_REQUIRED WORK_
What lines below mention the word "width"? Copy each one.
------------------------------
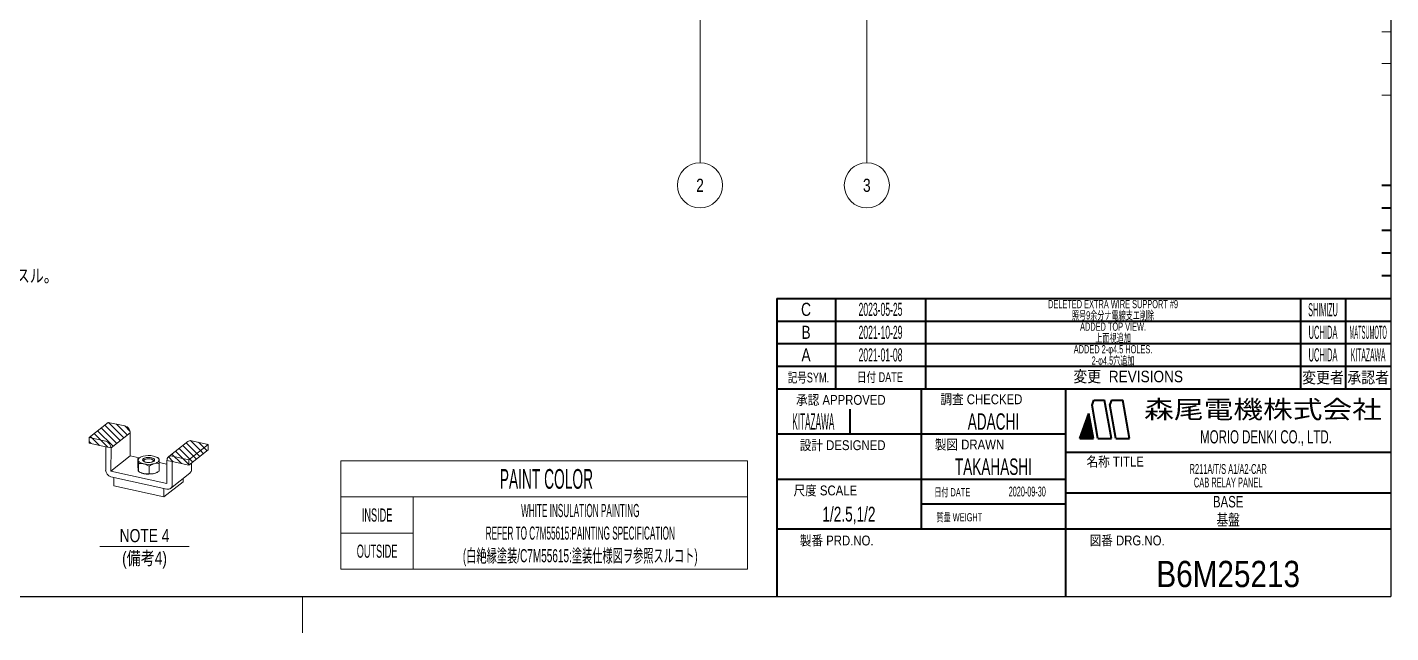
# Model space of a CAD drawing. Header units: millimetres. Extents: x 10 to 832, y 7 to 590.
# Drawn here: x 529.5 to 831.5, y 7 to 141 of the extents above; entities that cross this region are included whole.
import ezdxf
from ezdxf.enums import TextEntityAlignment as Align

# ---------------------------------------------------------------- set-up
doc = ezdxf.new("R2010")
doc.units = ezdxf.units.MM
for name, color, linetype in [('GR1_15', 7, 'Continuous'), ('図面枠B6M', 7, 'Continuous'), ('表題、部品表_01', 7, 'Continuous'), ('表題、部品表_02', 7, 'Continuous')]:
    doc.layers.add(name, color=color, linetype=linetype)
doc.styles.add('HG丸ｺﾞｼｯｸM-PRO', font='')
doc.styles.get('HG丸ｺﾞｼｯｸM-PRO').set_extended_font_data('HG丸ｺﾞｼｯｸM-PRO')
pattern_1 = [(-45, (0, 0), (0.7071068, 0.7071068), [])]

# ---------------------------------------------------------------- blocks, each defined once
blk = doc.blocks.new('BLKF023')
at = {"layer": '図面枠B6M', "color": 2, "linetype": 'Continuous', "lineweight": 25}
for p in [(831.5, 584), (9.5, 15)]:
    blk.add_line(p, (831.5, 15), dxfattribs=at)
at = {"layer": '図面枠B6M', "color": 4, "linetype": 'Continuous', "lineweight": 13}
for p, q in [((829.5, 140), (831.5, 140)), ((829.5, 133), (831.5, 133)), ((829.5, 126), (831.5, 126)), ((590.5, 7), (590.5, 15))]:
    blk.add_line(p, q, dxfattribs=at)
at = {"layer": '図面枠B6M', "color": 3, "linetype": 'Continuous', "lineweight": 35}
for p, q in [((831.5, 106), (829.5, 106)), ((831.5, 101), (829.5, 101)), ((831.5, 96), (829.5, 96)), ((831.5, 91), (829.5, 91)), ((831.5, 86), (829.5, 86)), ((695.5, 81), (831.5, 81)), ((695.5, 81), (695.5, 15)), ((708.5, 81), (708.5, 61)), ((728.5, 61), (728.5, 81)), ((811.5, 81), (811.5, 61)), ((821.5, 81), (821.5, 61)), ((695.5, 76), (831.5, 76)), ((695.5, 71), (831.5, 71)), ((695.5, 66), (831.5, 66)), ((695.5, 61), (831.5, 61)), ((727.5, 61), (727.5, 30)), ((759.5, 61), (759.5, 15)), ((765.34, 57.4), (765.73, 58.5)), ((766.64, 50), (765.34, 57.4)), ((765.73, 58.5), (768.14, 58.5)), ((769.64, 50), (768.14, 58.5)), ((769.68, 58.5), (769.32, 57.51)), ((770.64, 50), (769.32, 57.51)), ((769.68, 58.5), (772.14, 58.5)), ((773.64, 50), (772.14, 58.5)), ((711.73, 56.5), (711.73, 51)), ((762.64, 50), (764.66, 55.55)), ((763.93, 53.53), (764.85, 54.46)), ((764.01, 53.75), (764.83, 54.58)), ((764.09, 53.97), (764.81, 54.7)), ((764.17, 54.19), (764.79, 54.82)), ((764.25, 54.42), (764.77, 54.94)), ((764.33, 54.64), (764.75, 55.06)), ((764.41, 54.86), (764.73, 55.18)), ((764.49, 55.08), (764.71, 55.3)), ((764.57, 55.31), (764.68, 55.42)), ((764.65, 55.53), (764.66, 55.54)), ((765.64, 50), (764.66, 55.55)), ((762.66, 50), (765.19, 52.53)), ((762.71, 50.19), (765.17, 52.65)), ((762.79, 50.41), (765.15, 52.77)), ((762.8, 50), (765.21, 52.41)), ((762.87, 50.64), (765.13, 52.89)), ((762.94, 50), (765.24, 52.29)), ((762.95, 50.86), (765.11, 53.01)), ((763.04, 51.08), (765.09, 53.13)), ((763.08, 50), (765.26, 52.17)), ((763.12, 51.3), (765.07, 53.25)), ((763.2, 51.53), (765.05, 53.37)), ((763.22, 50), (765.28, 52.05)), ((763.28, 51.75), (765.02, 53.49)), ((763.36, 51.97), (765, 53.61)), ((763.36, 50), (765.3, 51.93)), ((763.44, 52.19), (764.98, 53.73)), ((763.51, 50), (765.32, 51.81)), ((763.52, 52.42), (764.96, 53.86)), ((763.6, 52.64), (764.94, 53.98)), ((763.65, 50), (765.34, 51.69)), ((763.68, 52.86), (764.92, 54.1)), ((763.76, 53.08), (764.9, 54.22)), ((763.79, 50), (765.36, 51.57)), ((763.84, 53.31), (764.88, 54.34)), ((763.93, 50), (765.38, 51.45)), ((695.5, 51), (759.5, 51)), ((762.64, 50), (765.64, 50)), ((764.07, 50), (765.41, 51.33)), ((764.21, 50), (765.43, 51.21)), ((764.35, 50), (765.45, 51.09)), ((764.5, 50), (765.47, 50.97)), ((764.64, 50), (765.49, 50.85)), ((764.78, 50), (765.51, 50.73)), ((764.92, 50), (765.53, 50.61)), ((765.06, 50), (765.55, 50.49)), ((765.2, 50), (765.58, 50.37)), ((765.34, 50), (765.6, 50.25)), ((765.49, 50), (765.62, 50.13)), ((765.63, 50), (765.64, 50.01)), ((766.64, 50), (769.64, 50)), ((770.64, 50), (773.64, 50)), ((759.5, 47), (831.5, 47)), ((695.5, 41), (759.5, 41)), ((759.5, 38), (831.5, 38)), ((727.5, 35.5), (759.5, 35.5)), ((695.5, 30), (831.5, 30))]:
    blk.add_line(p, q, dxfattribs=at)
at = {"layer": '図面枠B6M', "color": 4, "linetype": 'Continuous', "lineweight": 13, "style": 'HG丸ｺﾞｼｯｸM-PRO'}
for s, height, width, p in [('記号SYM.', 2.182, 0.69227, (702.53, 63.49)), ('日付 DATE', 2.182, 0.692507, (718.37, 63.58)), ('変更  REVISIONS', 2.5455, 0.887352, (773.35, 63.72)), ('変更者', 2.545, 0.887717, (816.5, 63.5)), ('承認者', 2.545, 0.887717, (826.5, 63.5)), ('承認 APPROVED', 2.1818, 0.863151, (709.71, 58.54)), ('調査 CHECKED', 2.182, 0.863174, (740.84, 58.67)), ('設計 DESIGNED', 2.1818, 0.862613, (710.11, 48.51)), ('製図 DRAWN', 2.182, 0.863099, (738.2, 48.65)), ('名称 TITLE', 2.182, 0.862489, (770.47, 44.87)), ('尺度 SCALE', 2.182, 0.862581, (706.28, 38.49)), ('日付 DATE', 1.818, 0.618255, (734.38, 38.09)), ('質量 WEIGHT', 1.818, 0.618812, (735.96, 32.55)), ('製番 PRD.NO.', 2.182, 0.863299, (708.79, 27.41)), ('図番 DRG.NO.', 2.182, 0.863083, (773.12, 27.42))]:
    blk.add_text(s, height=height, dxfattribs=dict(at, width=width)).set_placement(p, align=Align.MIDDLE_CENTER)
at = {"layer": '図面枠B6M', "color": 2, "linetype": 'Continuous', "lineweight": 25, "style": 'HG丸ｺﾞｼｯｸM-PRO', "width": 1.206081}
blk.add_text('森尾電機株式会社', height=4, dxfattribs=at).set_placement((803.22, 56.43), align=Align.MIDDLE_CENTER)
------------------------------
_TASK RESPONSE_
for s, height, width, p in [('記号SYM.', 2.182, 0.69227, (702.53, 63.49)), ('日付 DATE', 2.182, 0.692507, (718.37, 63.58)), ('変更  REVISIONS', 2.5455, 0.887352, (773.35, 63.72)), ('変更者', 2.545, 0.887717, (816.5, 63.5)), ('承認者', 2.545, 0.887717, (826.5, 63.5)), ('承認 APPROVED', 2.1818, 0.863151, (709.71, 58.54)), ('調査 CHECKED', 2.182, 0.863174, (740.84, 58.67)), ('設計 DESIGNED', 2.1818, 0.862613, (710.11, 48.51)), ('製図 DRAWN', 2.182, 0.863099, (738.2, 48.65)), ('名称 TITLE', 2.182, 0.862489, (770.47, 44.87)), ('尺度 SCALE', 2.182, 0.862581, (706.28, 38.49)), ('日付 DATE', 1.818, 0.618255, (734.38, 38.09)), ('質量 WEIGHT', 1.818, 0.618812, (735.96, 32.55)), ('製番 PRD.NO.', 2.182, 0.863299, (708.79, 27.41)), ('図番 DRG.NO.', 2.182, 0.863083, (773.12, 27.42))]:
    blk.add_text(s, height=height, dxfattribs=dict(at, width=width)).set_placement(p, align=Align.MIDDLE_CENTER)
at = {"layer": '図面枠B6M', "color": 2, "linetype": 'Continuous', "lineweight": 25, "style": 'HG丸ｺﾞｼｯｸM-PRO', "width": 1.206081}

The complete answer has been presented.